Akcea Therapeutics, a majority-owned affiliate of Ionis Pharmaceuticals, has signed an agreement to license investigative antisense therapy AKCEA-ANGPTL3-LRx to pharmaceutical company Pfizer.
Under the terms of the worldwide exclusive licensing agreement, Pfizer will pay an upfront license fee of $250m to Akcea and Ionis. The fee will be split equally between the two companies.
In return, Pfizer will receive the exclusive license for AKCEA-ANGPTL3-LRx, an investigational antisense therapy being developed to treat patients with certain cardiovascular and metabolic diseases.
The AKCEA-ANGPTL3-LRx will reduce the production of angiopoietin-like 3 (ANGPTL3) protein in the liver, a key regulator of triglycerides, cholesterol, glucose, and energy metabolism.
Pfizer said that the AKCEA-ANGPTL3-LRx is being evaluated in a Phase 2 study in patients with Type 2 diabetes, hypertriglyceridemia and non-alcoholic fatty liver disease (NAFLD).
Akcea interim CEO Damien McDevitt said: “AKCEA-ANGPTL3-LRx has the potential to treat people suffering from certain cardiovascular and metabolic diseases.
“Given the unmet medical need for this patient population and the broad market potential, we believe Pfizer’s expertise and breadth of experience in cardiovascular and metabolic diseases makes it well suited to accelerate clinical development of AKCEA-ANGPTL3-LRx, and to deliver it to patients in need of additional therapies for these life-threatening diseases.
As per the deal, Akcea and Ionis will be eligible to receive development, regulatory and sales milestone payments of up to $1.3bn as well as tiered, double-digit royalties on annual global net sales following AKCEA-ANGPTL3-LRx’s marketing approval.
Pfizer worldwide research & development and medical chief scientific officer and president Mikael Dolsten said: “Pfizer is committed to delivering breakthrough medicines to patients with unmet medical needs.

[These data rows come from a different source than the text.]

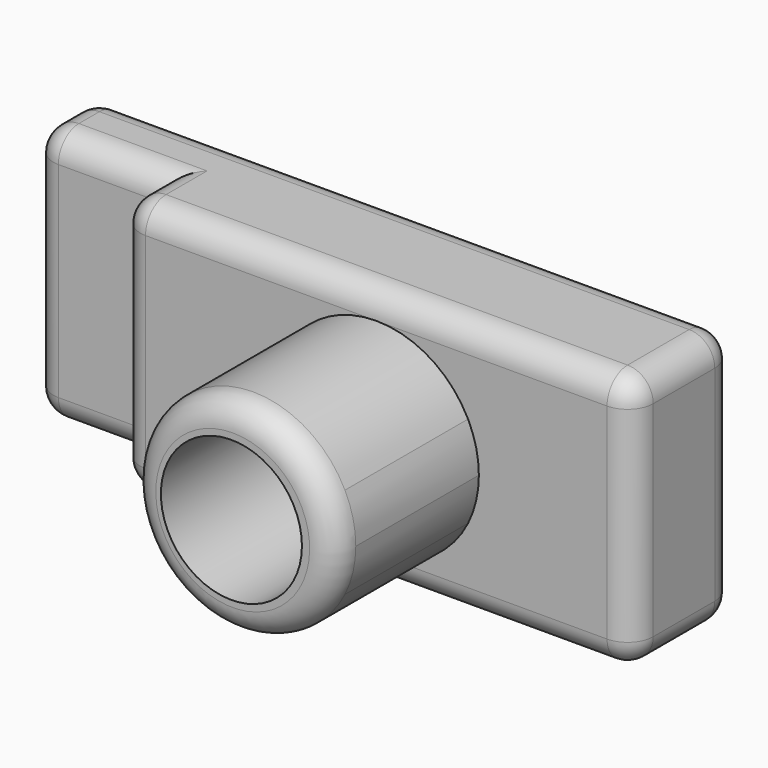
from build123d import *

# Parameters (mm, degrees)
F1_DEPTH     = 10
F3_DEPTH     = 7
F5_D         = 5.5
F6_T1_DEPTH  = 3
F6_T3_DEPTH  = 1
F6_T5_DEPTH  = 8
F6_T7_DEPTH  = 23
F6_T9_DEPTH  = 18
F6_T11_DEPTH = 4
F6_T13_DEPTH = 1
F6_S17_W     = 1
F6_S17_H     = 1
F6_T18_DEPTH = 1
F6_S23_W     = 1
F6_S23_H     = 1
F6_T24_DEPTH = 1
F6_S29_W     = 1
F6_S29_H     = 1
F6_T30_DEPTH = 1
F6_S35_W     = 1
F6_S35_H     = 1
F6_T36_DEPTH = 1
F6_S41_W     = 1
F6_S41_H     = 1
F6_T42_DEPTH = 1
F6_S47_W     = 1
F6_S47_H     = 1
F6_T48_DEPTH = 1
F6_S53_W     = 1
F6_S53_H     = 1
F6_T54_DEPTH = 1
F6_S59_W     = 1
F6_S59_H     = 1
F6_T60_DEPTH = 1
F6_S65_W     = 1
F6_S65_H     = 1
F6_T66_DEPTH = 1
F6_S71_W     = 1
F6_S71_H     = 1
F6_T72_DEPTH = 1
F6_T81_DEPTH = 6.5
F6_T85_DEPTH = 3.5
F6_T92_DEPTH = 6.5
F6_T96_DEPTH = 3.5


# Not quite as in the source:
# - a fillet or chamfer that OpenCascade refuses, or shapes differently, is made with other operations: its cross-section is extruded or revolved along the edge and cut away or added


with BuildPart() as f1:
    # F0 (on Top) → F1 (new body)
    with BuildSketch(Plane.XY):
        Polygon((-9.7338430583, 20.2614087611), (-34.7338430583, 20.2614087611), (-34.7338430583, 17.2614087611), (-29.7338430583, 17.2614087611), (-29.7338430583, 15.2614087611), (-9.7338430583, 15.2614087611), align=None)
    extrude(amount=F1_DEPTH)

    # F2 (on face) → F3 (join)
    with BuildSketch(Plane.XZ.offset(-15.2614087611)):
        with BuildLine():
            Line((-16.1561342943, 3.211145618), (-19.7338430583, 5))
            Line((-19.7338430583, 5), (-23.3115518223, 3.211145618))
            ThreePointArc((-23.3115518223, 3.211145618), (-19.7338430583, 1), (-16.1561342943, 3.211145618))
        make_face()
        with BuildLine():
            Line((-16.1561342943, 6.788854382), (-19.7338430583, 5))
            Line((-19.7338430583, 5), (-16.1561342943, 3.211145618))
            ThreePointArc((-16.1561342943, 3.211145618), (-15.8408471005, 4.0809883178), (-15.7338430583, 5))
            ThreePointArc((-15.7338430583, 5), (-15.8408471005, 5.9190116822), (-16.1561342943, 6.788854382))
        make_face()
        with BuildLine():
            ThreePointArc((-16.1561342943, 6.788854382), (-19.7338430583, 9), (-23.3115518223, 6.788854382))
            Line((-23.3115518223, 6.788854382), (-19.7338430583, 5))
            Line((-19.7338430583, 5), (-16.1561342943, 6.788854382))
        make_face()
        with BuildLine():
            Line((-19.7338430583, 5), (-23.3115518223, 6.788854382))
            ThreePointArc((-23.3115518223, 6.788854382), (-23.7338430583, 5), (-23.3115518223, 3.211145618))
            Line((-23.3115518223, 3.211145618), (-19.7338430583, 5))
        make_face()
    extrude(amount=F3_DEPTH)

    # F5 (through all)
    with Locations(Plane(origin=(0, 20.2614087611, 0), x_dir=(-1, 0, 0), z_dir=(0, 1, 0))):
        with Locations((19.7849275367, 4.9927774844)):
            Hole(F5_D / 2)

    # F6: fillet of radius 1 on 18 edges, made by hand

    # F6_s2 → F6_t1 (cut)
    with BuildSketch(Plane.XZ.offset(-19.2614087611)):
        with BuildLine():
            ThreePointArc((-9.7338430583, 9), (-10.0267362772, 9.7071067812), (-10.7338430583, 10))
            Line((-10.7338430583, 10), (-9.7338430583, 10))
            Line((-9.7338430583, 10), (-9.7338430583, 9))
        make_face()
        with BuildLine():
            ThreePointArc((-9.7338430583, 1), (-10.0267362772, 0.2928932188), (-10.7338430583, 0))
            Line((-10.7338430583, 0), (-9.7338430583, 0))
            Line((-9.7338430583, 0), (-9.7338430583, 1))
        make_face()
    extrude(amount=F6_T1_DEPTH, mode=Mode.SUBTRACT)

    # F6_s4 → F6_t3 (cut)
    with BuildSketch(Plane.XZ.offset(-19.2614087611)):
        with BuildLine():
            ThreePointArc((-33.7338430583, 10), (-34.4409498395, 9.7071067812), (-34.7338430583, 9))
            Line((-34.7338430583, 9), (-34.7338430583, 10))
            Line((-34.7338430583, 10), (-33.7338430583, 10))
        make_face()
        with BuildLine():
            ThreePointArc((-33.7338430583, 0), (-34.4409498395, 0.2928932188), (-34.7338430583, 1))
            Line((-34.7338430583, 1), (-34.7338430583, 0))
            Line((-34.7338430583, 0), (-33.7338430583, 0))
        make_face()
    extrude(amount=F6_T3_DEPTH, mode=Mode.SUBTRACT)

    # F6_s6 → F6_t5 (cut)
    with BuildSketch(Plane.XY.offset(1)):
        with BuildLine():
            ThreePointArc((-33.7338430583, 20.2614087611), (-34.4409498395, 19.9685155423), (-34.7338430583, 19.2614087611))
            Line((-34.7338430583, 19.2614087611), (-34.7338430583, 20.2614087611))
            Line((-34.7338430583, 20.2614087611), (-33.7338430583, 20.2614087611))
        make_face()
        with BuildLine():
            ThreePointArc((-34.7338430583, 18.2614087611), (-34.4409498395, 17.55430198), (-33.7338430583, 17.2614087611))
            Line((-33.7338430583, 17.2614087611), (-34.7338430583, 17.2614087611))
            Line((-34.7338430583, 17.2614087611), (-34.7338430583, 18.2614087611))
        make_face()
        with BuildLine():
            ThreePointArc((-10.7338430583, 20.2614087611), (-10.0267362772, 19.9685155423), (-9.7338430583, 19.2614087611))
            Line((-9.7338430583, 19.2614087611), (-9.7338430583, 20.2614087611))
            Line((-9.7338430583, 20.2614087611), (-10.7338430583, 20.2614087611))
        make_face()
        with BuildLine():
            ThreePointArc((-28.7338430583, 15.2614087611), (-29.4409498395, 15.55430198), (-29.7338430583, 16.2614087611))
            Line((-29.7338430583, 16.2614087611), (-29.7338430583, 15.2614087611))
            Line((-29.7338430583, 15.2614087611), (-28.7338430583, 15.2614087611))
        make_face()
        with BuildLine():
            ThreePointArc((-9.7338430583, 16.2614087611), (-10.0267362772, 15.55430198), (-10.7338430583, 15.2614087611))
            Line((-10.7338430583, 15.2614087611), (-9.7338430583, 15.2614087611))
            Line((-9.7338430583, 15.2614087611), (-9.7338430583, 16.2614087611))
        make_face()
    extrude(amount=F6_T5_DEPTH, mode=Mode.SUBTRACT)

    # F6_s8 → F6_t7 (cut)
    with BuildSketch(Plane.YZ.offset(-33.7338430583)):
        with BuildLine():
            ThreePointArc((20.2614087611, 1), (19.9685155423, 0.2928932188), (19.2614087611, 0))
            Line((19.2614087611, 0), (20.2614087611, 0))
            Line((20.2614087611, 0), (20.2614087611, 1))
        make_face()
        with BuildLine():
            ThreePointArc((20.2614087611, 9), (19.9685155423, 9.7071067812), (19.2614087611, 10))
            Line((19.2614087611, 10), (20.2614087611, 10))
            Line((20.2614087611, 10), (20.2614087611, 9))
        make_face()
    extrude(amount=F6_T7_DEPTH, mode=Mode.SUBTRACT)

    # F6_s10 → F6_t9 (cut)
    with BuildSketch(Plane.YZ.offset(-28.7338430583)):
        with BuildLine():
            ThreePointArc((16.2614087611, 0), (15.55430198, 0.2928932188), (15.2614087611, 1))
            Line((15.2614087611, 1), (15.2614087611, 0))
            Line((15.2614087611, 0), (16.2614087611, 0))
        make_face()
        with BuildLine():
            ThreePointArc((16.2614087611, 10), (15.55430198, 9.7071067812), (15.2614087611, 9))
            Line((15.2614087611, 9), (15.2614087611, 10))
            Line((15.2614087611, 10), (16.2614087611, 10))
        make_face()
    extrude(amount=F6_T9_DEPTH, mode=Mode.SUBTRACT)

    # F6_s12 → F6_t11 (cut)
    with BuildSketch(Plane.YZ.offset(-33.7338430583)):
        with BuildLine():
            ThreePointArc((18.2614087611, 0), (17.55430198, 0.2928932188), (17.2614087611, 1))
            Line((17.2614087611, 1), (17.2614087611, 0))
            Line((17.2614087611, 0), (18.2614087611, 0))
        make_face()
        with BuildLine():
            ThreePointArc((18.2614087611, 10), (17.55430198, 9.7071067812), (17.2614087611, 9))
            Line((17.2614087611, 9), (17.2614087611, 10))
            Line((17.2614087611, 10), (18.2614087611, 10))
        make_face()
    extrude(amount=F6_T11_DEPTH, mode=Mode.SUBTRACT)

    # F6_s14 → F6_t13 (cut)
    with BuildSketch(Plane.XZ.offset(-17.2614087611)):
        with BuildLine():
            ThreePointArc((-28.7338430583, 0), (-29.4409498395, 0.2928932188), (-29.7338430583, 1))
            Line((-29.7338430583, 1), (-29.7338430583, 0))
            Line((-29.7338430583, 0), (-28.7338430583, 0))
        make_face()
        with BuildLine():
            ThreePointArc((-28.7338430583, 10), (-29.4409498395, 9.7071067812), (-29.7338430583, 9))
            Line((-29.7338430583, 9), (-29.7338430583, 10))
            Line((-29.7338430583, 10), (-28.7338430583, 10))
        make_face()
    extrude(amount=F6_T13_DEPTH, mode=Mode.SUBTRACT)


with BuildPart() as f6_tool16:
    # F6_s17 → F6_t18 (new body)
    with BuildSketch(Plane.YZ.offset(-10.7338430583)):
        with Locations((15.7614087611, 9.5)):
            Rectangle(F6_S17_W, F6_S17_H)
    extrude(amount=F6_T18_DEPTH)

    # F6_s19 → F6_t20 (revolve, cut)
    with BuildSketch(Plane(origin=(-10.7338430583, 16.2614087611, 9), x_dir=(0, 0.7071067812, -0.7071067812), z_dir=(0, -0.7071067812, -0.7071067812))):
        with BuildLine():
            ThreePointArc((0, -1), (1, 0), (0, 1))
            Line((0, 1), (0, -1))
        make_face()
    revolve(axis=Axis((-10.7338430583, 16.2614087611, 9), (1, 0, 0)), mode=Mode.SUBTRACT)


with BuildPart() as f1_1:
    add(f1.part)

    # F6_t15: cut F6_tool16
    add(f6_tool16.part, mode=Mode.SUBTRACT)


with BuildPart() as f6_tool22:
    # F6_s23 → F6_t24 (new body)
    with BuildSketch(Plane.XZ.offset(-19.2614087611)):
        with Locations((-10.2338430583, 9.5)):
            Rectangle(F6_S23_W, F6_S23_H)
    extrude(amount=-F6_T24_DEPTH)

    # F6_s25 → F6_t26 (revolve, cut)
    with BuildSketch(Plane(origin=(-10.7338430583, 19.2614087611, 9), x_dir=(-0.7071067812, 0, -0.7071067812), z_dir=(0.7071067812, 0, -0.7071067812))):
        with BuildLine():
            ThreePointArc((0, -1), (1, 0), (0, 1))
            Line((0, 1), (0, -1))
        make_face()
    revolve(axis=Axis((-10.7338430583, 19.2614087611, 9), (0, 1, 0)), mode=Mode.SUBTRACT)


with BuildPart() as f1_2:
    add(f1_1.part)

    # F6_t21: cut F6_tool22
    add(f6_tool22.part, mode=Mode.SUBTRACT)


with BuildPart() as f6_tool28:
    # F6_s29 → F6_t30 (new body)
    with BuildSketch(Plane.YZ.offset(-10.7338430583)):
        with Locations((15.7614087611, 0.5)):
            Rectangle(F6_S29_W, F6_S29_H)
    extrude(amount=F6_T30_DEPTH)

    # F6_s31 → F6_t32 (revolve, cut)
    with BuildSketch(Plane(origin=(-10.7338430583, 16.2614087611, 1), x_dir=(0, 0.7071067812, 0.7071067812), z_dir=(0, 0.7071067812, -0.7071067812))):
        with BuildLine():
            ThreePointArc((0, -1), (1, 0), (0, 1))
            Line((0, 1), (0, -1))
        make_face()
    revolve(axis=Axis((-10.7338430583, 16.2614087611, 1), (1, 0, 0)), mode=Mode.SUBTRACT)


with BuildPart() as f1_3:
    add(f1_2.part)

    # F6_t27: cut F6_tool28
    add(f6_tool28.part, mode=Mode.SUBTRACT)


with BuildPart() as f6_tool34:
    # F6_s35 → F6_t36 (new body)
    with BuildSketch(Plane.XZ.offset(-19.2614087611)):
        with Locations((-10.2338430583, 0.5)):
            Rectangle(F6_S35_W, F6_S35_H)
    extrude(amount=-F6_T36_DEPTH)

    # F6_s37 → F6_t38 (revolve, cut)
    with BuildSketch(Plane(origin=(-10.7338430583, 19.2614087611, 1), x_dir=(-0.7071067812, 0, 0.7071067812), z_dir=(-0.7071067812, 0, -0.7071067812))):
        with BuildLine():
            ThreePointArc((0, -1), (1, 0), (0, 1))
            Line((0, 1), (0, -1))
        make_face()
    revolve(axis=Axis((-10.7338430583, 19.2614087611, 1), (0, 1, 0)), mode=Mode.SUBTRACT)


with BuildPart() as f1_4:
    add(f1_3.part)

    # F6_t33: cut F6_tool34
    add(f6_tool34.part, mode=Mode.SUBTRACT)


with BuildPart() as f6_tool40:
    # F6_s41 → F6_t42 (new body)
    with BuildSketch(Plane.XZ.offset(-19.2614087611)):
        with Locations((-34.2338430583, 9.5)):
            Rectangle(F6_S41_W, F6_S41_H)
    extrude(amount=-F6_T42_DEPTH)

    # F6_s43 → F6_t44 (revolve, cut)
    with BuildSketch(Plane(origin=(-33.7338430583, 19.2614087611, 9), x_dir=(0.7071067812, 0, -0.7071067812), z_dir=(0.7071067812, 0, 0.7071067812))):
        with BuildLine():
            ThreePointArc((0, -1), (1, 0), (0, 1))
            Line((0, 1), (0, -1))
        make_face()
    revolve(axis=Axis((-33.7338430583, 19.2614087611, 9), (0, 1, 0)), mode=Mode.SUBTRACT)


with BuildPart() as f1_5:
    add(f1_4.part)

    # F6_t39: cut F6_tool40
    add(f6_tool40.part, mode=Mode.SUBTRACT)


with BuildPart() as f6_tool46:
    # F6_s47 → F6_t48 (new body)
    with BuildSketch(Plane.XY.offset(9)):
        with Locations((-34.2338430583, 17.7614087611)):
            Rectangle(F6_S47_W, F6_S47_H)
    extrude(amount=F6_T48_DEPTH)

    # F6_s49 → F6_t50 (revolve, cut)
    with BuildSketch(Plane(origin=(-33.7338430583, 18.2614087611, 9), x_dir=(0.7071067812, 0.7071067812, 0), z_dir=(0.7071067812, -0.7071067812, 0))):
        with BuildLine():
            ThreePointArc((0, -1), (1, 0), (0, 1))
            Line((0, 1), (0, -1))
        make_face()
    revolve(axis=Axis((-33.7338430583, 18.2614087611, 9), (0, 0, 1)), mode=Mode.SUBTRACT)


with BuildPart() as f1_6:
    add(f1_5.part)

    # F6_t45: cut F6_tool46
    add(f6_tool46.part, mode=Mode.SUBTRACT)


with BuildPart() as f6_tool52:
    # F6_s53 → F6_t54 (new body)
    with BuildSketch(Plane.XZ.offset(-19.2614087611)):
        with Locations((-34.2338430583, 0.5)):
            Rectangle(F6_S53_W, F6_S53_H)
    extrude(amount=-F6_T54_DEPTH)

    # F6_s55 → F6_t56 (revolve, cut)
    with BuildSketch(Plane(origin=(-33.7338430583, 19.2614087611, 1), x_dir=(0.7071067812, 0, 0.7071067812), z_dir=(-0.7071067812, 0, 0.7071067812))):
        with BuildLine():
            ThreePointArc((0, -1), (1, 0), (0, 1))
            Line((0, 1), (0, -1))
        make_face()
    revolve(axis=Axis((-33.7338430583, 19.2614087611, 1), (0, 1, 0)), mode=Mode.SUBTRACT)


with BuildPart() as f1_7:
    add(f1_6.part)

    # F6_t51: cut F6_tool52
    add(f6_tool52.part, mode=Mode.SUBTRACT)


with BuildPart() as f6_tool58:
    # F6_s59 → F6_t60 (new body)
    with BuildSketch(Plane.XY.offset(1)):
        with Locations((-34.2338430583, 17.7614087611)):
            Rectangle(F6_S59_W, F6_S59_H)
    extrude(amount=-F6_T60_DEPTH)

    # F6_s61 → F6_t62 (revolve, cut)
    with BuildSketch(Plane(origin=(-33.7338430583, 18.2614087611, 1), x_dir=(0.7071067812, 0.7071067812, 0), z_dir=(-0.7071067812, 0.7071067812, 0))):
        with BuildLine():
            ThreePointArc((0, -1), (1, 0), (0, 1))
            Line((0, 1), (0, -1))
        make_face()
    revolve(axis=Axis((-33.7338430583, 18.2614087611, 1), (0, 0, -1)), mode=Mode.SUBTRACT)


with BuildPart() as f1_8:
    add(f1_7.part)

    # F6_t57: cut F6_tool58
    add(f6_tool58.part, mode=Mode.SUBTRACT)


with BuildPart() as f6_tool64:
    # F6_s65 → F6_t66 (new body)
    with BuildSketch(Plane.YZ.offset(-28.7338430583)):
        with Locations((15.7614087611, 0.5)):
            Rectangle(F6_S65_W, F6_S65_H)
    extrude(amount=-F6_T66_DEPTH)

    # F6_s67 → F6_t68 (revolve, cut)
    with BuildSketch(Plane(origin=(-28.7338430583, 16.2614087611, 1), x_dir=(0, 0.7071067812, 0.7071067812), z_dir=(0, -0.7071067812, 0.7071067812))):
        with BuildLine():
            ThreePointArc((0, -1), (1, 0), (0, 1))
            Line((0, 1), (0, -1))
        make_face()
    revolve(axis=Axis((-28.7338430583, 16.2614087611, 1), (-1, 0, 0)), mode=Mode.SUBTRACT)


with BuildPart() as f1_9:
    add(f1_8.part)

    # F6_t63: cut F6_tool64
    add(f6_tool64.part, mode=Mode.SUBTRACT)


with BuildPart() as f6_tool70:
    # F6_s71 → F6_t72 (new body)
    with BuildSketch(Plane.YZ.offset(-28.7338430583)):
        with Locations((15.7614087611, 9.5)):
            Rectangle(F6_S71_W, F6_S71_H)
    extrude(amount=-F6_T72_DEPTH)

    # F6_s73 → F6_t74 (revolve, cut)
    with BuildSketch(Plane(origin=(-28.7338430583, 16.2614087611, 9), x_dir=(0, 0.7071067812, -0.7071067812), z_dir=(0, 0.7071067812, 0.7071067812))):
        with BuildLine():
            ThreePointArc((0, -1), (1, 0), (0, 1))
            Line((0, 1), (0, -1))
        make_face()
    revolve(axis=Axis((-28.7338430583, 16.2614087611, 9), (-1, 0, 0)), mode=Mode.SUBTRACT)


with BuildPart() as f1_10:
    add(f1_9.part)

    # F6_t69: cut F6_tool70
    add(f6_tool70.part, mode=Mode.SUBTRACT)

    # F6_s75 → F6_t76 (revolve, cut)
    with BuildSketch(Plane(origin=(-1.9467686117, 0, -3.8935372233), x_dir=(0, 1, 0), z_dir=(0.4472135955, 0, 0.894427191))):
        with BuildLine():
            ThreePointArc((8.2614087611, 22.8865537918), (8.55430198, 23.593660573), (9.2614087611, 23.8865537918))
            Line((9.2614087611, 23.8865537918), (8.2614087611, 23.8865537918))
            Line((8.2614087611, 23.8865537918), (8.2614087611, 22.8865537918))
        make_face()
    revolve(axis=Axis((-19.7338430583, 8.2614087611, 5), (0, -1, 0)), mode=Mode.SUBTRACT)


with BuildPart() as f6_tool79:
    # F6_s80 → F6_t81 (new body)
    with BuildSketch(Plane.YZ.offset(-33.7338430583)):
        with BuildLine():
            ThreePointArc((18.2614087611, 0), (17.55430198, 0.2928932188), (17.2614087611, 1))
            Line((17.2614087611, 1), (17.2614087611, 0))
            Line((17.2614087611, 0), (18.2614087611, 0))
        make_face()
    extrude(amount=F6_T81_DEPTH)

    split(bisect_by=Plane.YZ.offset(-29.7338430583), keep=Keep.TOP)


with BuildPart() as f6_tool83:
    # F6_s84 → F6_t85 (new body)
    with BuildSketch(Plane.XZ.offset(-19.7614087611)):
        with BuildLine():
            ThreePointArc((-28.7338430583, 0), (-29.4409498395, 0.2928932188), (-29.7338430583, 1))
            Line((-29.7338430583, 1), (-29.7338430583, 0))
            Line((-29.7338430583, 0), (-28.7338430583, 0))
        make_face()
    extrude(amount=F6_T85_DEPTH)

    split(bisect_by=Plane.XZ.offset(-17.2614087611), keep=Keep.BOTTOM)


with BuildPart() as f6_tool79_1:
    add(f6_tool79.part)

    # F6_t87: intersect F6_tool83
    add(f6_tool83.part, mode=Mode.INTERSECT)


with BuildPart() as f1_11:
    add(f1_10.part)

    # F6_t77: cut F6_tool79
    add(f6_tool79_1.part, mode=Mode.SUBTRACT)


with BuildPart() as f6_tool90:
    # F6_s91 → F6_t92 (new body)
    with BuildSketch(Plane.YZ.offset(-33.7338430583)):
        with BuildLine():
            ThreePointArc((18.2614087611, 10), (17.55430198, 9.7071067812), (17.2614087611, 9))
            Line((17.2614087611, 9), (17.2614087611, 10))
            Line((17.2614087611, 10), (18.2614087611, 10))
        make_face()
    extrude(amount=F6_T92_DEPTH)

    split(bisect_by=Plane.YZ.offset(-29.7338430583), keep=Keep.TOP)


with BuildPart() as f6_tool94:
    # F6_s95 → F6_t96 (new body)
    with BuildSketch(Plane.XZ.offset(-19.7614087611)):
        with BuildLine():
            ThreePointArc((-28.7338430583, 10), (-29.4409498395, 9.7071067812), (-29.7338430583, 9))
            Line((-29.7338430583, 9), (-29.7338430583, 10))
            Line((-29.7338430583, 10), (-28.7338430583, 10))
        make_face()
    extrude(amount=F6_T96_DEPTH)

    split(bisect_by=Plane.XZ.offset(-17.2614087611), keep=Keep.BOTTOM)


with BuildPart() as f6_tool90_1:
    add(f6_tool90.part)

    # F6_t98: intersect F6_tool94
    add(f6_tool94.part, mode=Mode.INTERSECT)


with BuildPart() as f1_12:
    add(f1_11.part)

    # F6_t88: cut F6_tool90
    add(f6_tool90_1.part, mode=Mode.SUBTRACT)


solid = f1_12.part

“AKCEA-ANGPTL3-LRx is a novel therapy that will complement our clinical mid-stage internal medicine pipeline, and we believe that our deep expertise in cardiovascular and metabolic diseases will help allow this program to reach its maximum potential for patients.”
The deal is subject to clearance under the Hart-Scott Rodino Antitrust Improvements Act and other customary closing conditions.